(Stored data)
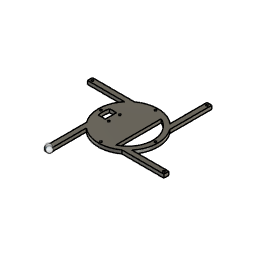
IR 支え v4 (Autodesk Fusion 360 design; units mm, degrees)
Autodesk Fusion 360 part; units mm, degrees
note: some values were not read from the file. Set by a fixed rule: which sketch regions a step uses.
sketch "スケッチ1" plane through (0, 0, 0) normal (0, 0, 1) x (1, 0, 0)
  circle A0 centre (0, 0) radius 37
  circle A1 centre (0, 0) radius 42
  line L0 (0, 65) -> (28.613, 65)
  line L1 (50, 0) -> (50, -28.613)
  line L2 (0, -50) -> (-28.613, -50)
  line L3 (-50, 0) -> (-50, 28.613)
  line L4 (-50, 28.613) -> (-30.7457, 28.613)
  line L5 (-30.7457, 28.613) -> (-85.2927, 28.613)
  line L6 (-28.613, -50) -> (-28.613, -30.7457)
  line L7 (-28.613, -30.7457) -> (-28.613, -85.2927)
  line L8 (50, -28.613) -> (30.7457, -28.613)
  line L9 (30.7457, -28.613) -> (85.2927, -28.613)
  line L10 (28.613, 65) -> (28.613, 30.7457)
  line L11 (28.613, 30.7457) -> (28.613, 85.2927)
  line L12 (-85.2927, 28.613) -> (-85.2927, 33.613)
  line L13 (-85.2927, 33.613) -> (-25.1827, 33.613)
  line L14 (28.613, 85.2927) -> (33.613, 85.2927)
  line L15 (33.613, 85.2927) -> (33.613, 25.1827)
  line L16 (85.2927, -28.613) -> (85.2927, -33.613)
  line L17 (85.2927, -33.613) -> (25.1827, -33.613)
  line L18 (-28.613, -85.2927) -> (-33.613, -85.2927)
  line L19 (-33.613, -85.2927) -> (-33.613, -25.1827)
  line L20 (-85.2927, 33.613) -> (-80.2927, 33.613)
  line L21 (-85.2927, 31.113) -> (-82.7927, 31.113)
  circle A2 centre (-82.7927, 31.113) radius 1.5
  line L22 (31.113, 85.2927) -> (31.113, 82.7927)
  circle A3 centre (31.113, 82.7927) radius 1.5
  line L23 (85.2927, -31.113) -> (82.7927, -31.113)
  line L24 (-31.113, -85.2927) -> (-31.113, -82.7927)
  circle A4 centre (-31.113, -82.7927) radius 1.5
  circle A5 centre (82.7927, -31.113) radius 1.5
  dimension "d1" = 74
  dimension "d2" = 84
  dimension "d3" = 28.613
  dimension "d4" = 28.613
  dimension "d5" = 28.613
  dimension "d6" = 28.613
  dimension "d7" = 54.547
  dimension "d8" = 54.547
  dimension "d9" = 54.547
  dimension "d10" = 54.547
  dimension "d11" = 5
  dimension "d12" = 5
  dimension "d13" = 5
  dimension "d14" = 5
  dimension "d15" = 5
  dimension "d16" = 3
  dimension "d17" = 2.5
  dimension "d18" = 3
  dimension "d19" = 2.5
  dimension "d20" = 2.5
  dimension "d21" = 3
  dimension "d22" = 3
  constraint coincident A0.centre A1.centre
  constraint horizontal L0
  constraint vertical L1
  constraint horizontal L2
  constraint vertical L3
  constraint coincident A1 L4.end
  constraint perpendicular L3 L4
  constraint perpendicular L3 L5
  constraint coincident A1 L6.end
  constraint perpendicular L2 L6
  constraint perpendicular L2 L7
  constraint coincident A1 L8.end
  constraint perpendicular L1 L8
  constraint perpendicular L1 L9
  constraint coincident A1 L10.end
  constraint perpendicular L0 L10
  constraint perpendicular L0 L11
  constraint perpendicular L5 L12
  constraint coincident A1 L13.end
  constraint perpendicular L12 L13
  constraint perpendicular L11 L14
  constraint coincident A1 L15.end
  constraint perpendicular L14 L15
  constraint perpendicular L9 L16
  constraint coincident A1 L17.end
  constraint perpendicular L16 L17
  constraint perpendicular L7 L18
  constraint coincident A1 L19.end
  constraint perpendicular L17 L19
  constraint perpendicular L12 L20
  constraint midpoint L12 L21.start
  constraint perpendicular L12 L21
  constraint coincident L21.end A2.centre
  constraint midpoint L14 L22.start
  constraint perpendicular L14 L22
  constraint coincident L22.end A3.centre
  constraint midpoint L16 L23.start
  constraint perpendicular L16 L23
  constraint midpoint L18 L24.start
  constraint perpendicular L18 L24
  constraint coincident L24.end A4.centre
  constraint coincident L23.end A5.centre
  measures "d1" diameter of A0
  measures "d2" diameter of A1
  measures "d3" distance of L0.start L0.end
  measures "d4" distance of L1.start L1.end
  measures "d5" distance of L2.start L2.end
  measures "d6" distance of L3.start L3.end
  measures "d7" distance of L4.end L5.end
  measures "d8" distance of L6.end L7.end
  measures "d9" distance of L8.end L9.end
  measures "d10" distance of L10.end L11.end
  measures "d11" distance of L5.end L12.end
  measures "d12" distance of L11.end L14.end
  measures "d13" distance of L9.end L16.end
  measures "d14" distance of L7.end L18.end
  measures "d15" distance of L12.end L20.end
  measures "d16" diameter of A2
  measures "d17" distance of L22.start L22.end
  measures "d18" diameter of A3
  measures "d19" distance of L23.start L23.end
  measures "d20" distance of L24.start L24.end
  measures "d21" diameter of A4
  measures "d22" diameter of A5
extrude "押し出し1" add sketch "スケッチ1" along normal blind 3
sketch "スケッチ2" plane through (0, 0, 0) normal (0, 0, 1) x (1, 0, 0)
  line L0 (0, 0) -> (0, 37)
  line L1 (0, 0) -> (37, 0)
  line L2 (0, 0) -> (-37, 0)
  line L3 (0, 0) -> (0, -37)
  line L4 (-37, 0) -> (-39.5, 0)
  line L5 (0, 37) -> (0, 39.5)
  line L6 (37, 0) -> (39.5, 0)
  line L7 (0, -37) -> (0, -39.5)
  circle A0 centre (0, -39.5) radius 1.5
  circle A1 centre (-39.5, 0) radius 1.5
  circle A2 centre (0, 39.5) radius 1.5
  circle A3 centre (39.5, 0) radius 1.5
  dimension "d25" = 37
  dimension "d26" = 37
  dimension "d27" = 37
  dimension "d28" = 37
  dimension "d30" = 2.5
  dimension "d31" = 2.5
  dimension "d32" = 2.5
  dimension "d33" = 2.5
  dimension "d34" = 3
  dimension "d35" = 3
  dimension "d36" = 3
  dimension "d37" = 3
  constraint coincident L0.start L1.start
  constraint vertical L0
  constraint perpendicular L0 L1
  constraint perpendicular L0 L2
  constraint perpendicular L2 L3
  constraint parallel L2 L4
  constraint parallel L0 L5
  constraint parallel L1 L6
  constraint parallel L3 L7
  constraint coincident L7.end A0.centre
  constraint coincident L4.end A1.centre
  constraint coincident L5.end A2.centre
  constraint coincident L6.end A3.centre
  measures "d25" distance of L0.start L0.end
  measures "d26" distance of L0.start L1.end
  measures "d27" distance of L0.start L2.end
  measures "d28" distance of L0.start L3.end
  measures "d30" distance of L2.end L4.end
  measures "d31" distance of L0.end L5.end
  measures "d32" distance of L1.end L6.end
  measures "d33" distance of L3.end L7.end
  measures "d34" diameter of A0
  measures "d35" diameter of A1
  measures "d36" diameter of A2
  measures "d37" diameter of A3
extrude "押し出し2" cut sketch "スケッチ2" along normal blind 3
sketch "スケッチ3" plane through (0, 0, 0) normal (0, 0, 1) x (1, 0, 0)
  line L0 (-31.1, -82.8) -> (-31.1, -83.7)
  line L1 (-31.1, -82.8) -> (-31.1, -86.8)
  line L2 (-31.1, -86.8) -> (-27.1, -86.8)
  constraint vertical L0
  constraint parallel L0 L1
  constraint perpendicular L1 L2
sketch "スケッチ4" plane through (0, 0, 0) normal (0, 0, 1) x (1, 0, 0)
  circle A0 centre (-82.8, 31.1) radius 1.5
  line L0 (-82.8, 27.6) -> (-86.3, 27.6)
  line L1 (-86.3, 27.6) -> (-86.3, 34.6)
  line L2 (-86.3, 34.6) -> (-82.8171, 34.6)
  line L3 (-39.5, 0) -> (-36, 0)
  line L4 (-39.5, 0) -> (-43, 0)
  circle A1 centre (0, 0) radius 36
  line L5 (31.1, 82.8) -> (34.6, 82.8)
  line L6 (34.6, 82.8) -> (34.6, 86.3)
  line L7 (34.6, 86.3) -> (27.6, 86.3)
  line L8 (82.8, -31.1) -> (86.3, -31.1)
  line L9 (86.3, -31.1) -> (86.3, -34.6)
  line L10 (86.3, -31.1) -> (86.3, -27.6)
  line L11 (-31.1, -82.8) -> (-31.1, -86.8)
  line L12 (-31.1, -82.8) -> (-31.1, -86.3)
  line L13 (-31.1, -86.3) -> (-27.6, -86.3)
  line L14 (-31.1, -86.3) -> (-34.6, -86.3)
  line L15 (-82.8, 27.6) -> (-32.9733, 27.6)
  line L16 (-82.8171, 34.6) -> (-25.5312, 34.6)
  line L17 (27.6, 86.3) -> (27.6, 85.5502)
  line L18 (27.6, 85.5502) -> (27.6, 32.9733)
  line L19 (34.6, 82.8) -> (34.6, 25.5312)
  line L20 (86.3, -27.6) -> (32.9733, -27.6)
  line L21 (86.3, -34.6) -> (25.5312, -34.6)
  line L22 (-27.6, -86.3) -> (-27.6, -32.9733)
  line L23 (-34.6, -86.3) -> (-34.6, -25.5312)
  arc A2 (-32.9733, 27.6) -> (-34.6, -25.5312) centre (0, 0) ccw
  arc A3 (27.6, 32.9733) -> (-25.5312, 34.6) centre (0, 0) ccw
  arc A4 (32.9733, -27.6) -> (34.6, 25.5312) centre (0, 0) ccw
  arc A5 (-27.6, -32.9733) -> (25.5312, -34.6) centre (0, 0) ccw
  circle A6 centre (0, 0) radius 42
  circle A7 centre (0, 0) radius 37
  line L24 (-82.8, 31.1) -> (-82.8, 28.6)
  line L25 (-82.8, 28.6) -> (-30.7578, 28.6)
  line L26 (-82.8, 31.1) -> (-82.8, 33.6)
  circle A8 centre (-31.1, -82.8) radius 1.5
  circle A9 centre (82.8, -31.1) radius 1.5
  circle A10 centre (31.1, 82.8) radius 1.5
  circle A11 centre (39.5, 0) radius 1.5
  circle A12 centre (0, 39.5) radius 1.5
  circle A13 centre (-39.5, 0) radius 1.5
  circle A14 centre (0, -39.5) radius 1.5
  dimension "d40" = 7
  dimension "d42" = 7
  dimension "d43" = 84
  dimension "d44" = 2.5
  dimension "d45" = 3
  constraint perpendicular L0 L1
  constraint horizontal L3
  constraint horizontal L4
  constraint coincident A1.centre A2.centre
  constraint coincident L3.end A1
  constraint perpendicular L5 L6
  constraint perpendicular L6 L7
  constraint horizontal L8
  constraint perpendicular L8 L9
  constraint perpendicular L8 L10
  constraint vertical L11
  constraint coincident L11 L12.end
  constraint perpendicular L12 L13
  constraint perpendicular L12 L14
  constraint parallel L2 L16
  constraint perpendicular L7 L17
  constraint parallel L17 L18
  constraint perpendicular L5 L19
  constraint perpendicular L10 L20
  constraint perpendicular L9 L21
  constraint perpendicular L13 L22
  constraint perpendicular L13 L23
  constraint concentric A2 A6
  constraint concentric A2 A7
  constraint coincident A0.centre L24.start
  constraint vertical L24
  constraint coincident A6 L25.end
  constraint perpendicular L24 L25
  constraint perpendicular L2 L26
  constraint coincident L11.start L12.start
  constraint coincident L8.start A9.centre
  constraint coincident L5.start A10.centre
  constraint coincident L3.start L4.start
  measures "d40" distance of L0.end L1.end
  measures "d42" distance of L6.end L7.end
  measures "d43" diameter of A6
  measures "d44" distance of A0.centre L26.end
  measures "d45" diameter of A9
extrude "押し出し3" add sketch "スケッチ4" against normal blind 5 contours L0 L1 L2 L6 L7 L9 L10 L13 L14 L15 L16 L17 L18 L19 L20 L21 L22 L23 A2 A3 A4 A5 | A6 | A7
extrude "押し出し4" cut 1 faces at (-45.9464, 31.5175, 3) along direction (0, 0, -1) blind 3
sketch "スケッチ5" plane through (0, 0, 0) normal (0, 0, 1) x (1, 0, 0)
  line L0 (15, 33) -> (15, -33)
  arc A0 (15, 32.7261) -> (15, -32.7261) centre (0, 0) ccw
  dimension "d50" = 36
  constraint vertical L0
  constraint coincident L0 A0.start
  constraint coincident L0 A0.end
  constraint coincident A0.centre origin
  measures "d50" radius of A0
extrude "押し出し5" add sketch "スケッチ5" against normal blind 5
sketch "スケッチ6" plane through (0, 0, 0) normal (0, 0, 1) x (1, 0, 0)
  line L0 (0, 0) -> (-20, 0)
  circle A0 centre (-20, -8) radius 1.5
  circle A1 centre (-20, 8) radius 1.5
  circle A2 centre (0, 0) radius 36
  line L1 (-20, -8) -> (-35.0999, -8)
  line L2 (-20, 8) -> (-35.0999, 8)
  line L3 (-20, -8) -> (-25, -8)
  line L4 (-25, 8) -> (-25, -8)
  dimension "d53" = 8
  dimension "d54" = 8
  dimension "d55" = 3
  dimension "d56" = 3
  constraint coincident L0.start A2.centre
  constraint horizontal L0
  constraint coincident A1.centre L2.start
  constraint coincident A0.centre L1.start
  constraint coincident A2 L1.end
  constraint coincident A2 L2.end
  constraint coincident L1 L3.end
  constraint parallel L1 L3
  constraint coincident L2 L4.start
  constraint perpendicular L1 L4
  measures "d53" distance of L0.end A0.centre
  measures "d54" distance of L0.end A1.centre
  measures "d55" diameter of A0
  measures "d56" diameter of A1
extrude "押し出し6" cut sketch "スケッチ6" against normal blind 5 contours A0 | A1 | A2 L1 L2 L4 picked at (-28.6332, 0.8955)

What needs to be done: Taking the records above as input, show every line in which the word "midpoint" is present.

Answer box:
  constraint midpoint L12 L21.start
  constraint midpoint L14 L22.start
  constraint midpoint L16 L23.start
  constraint midpoint L18 L24.start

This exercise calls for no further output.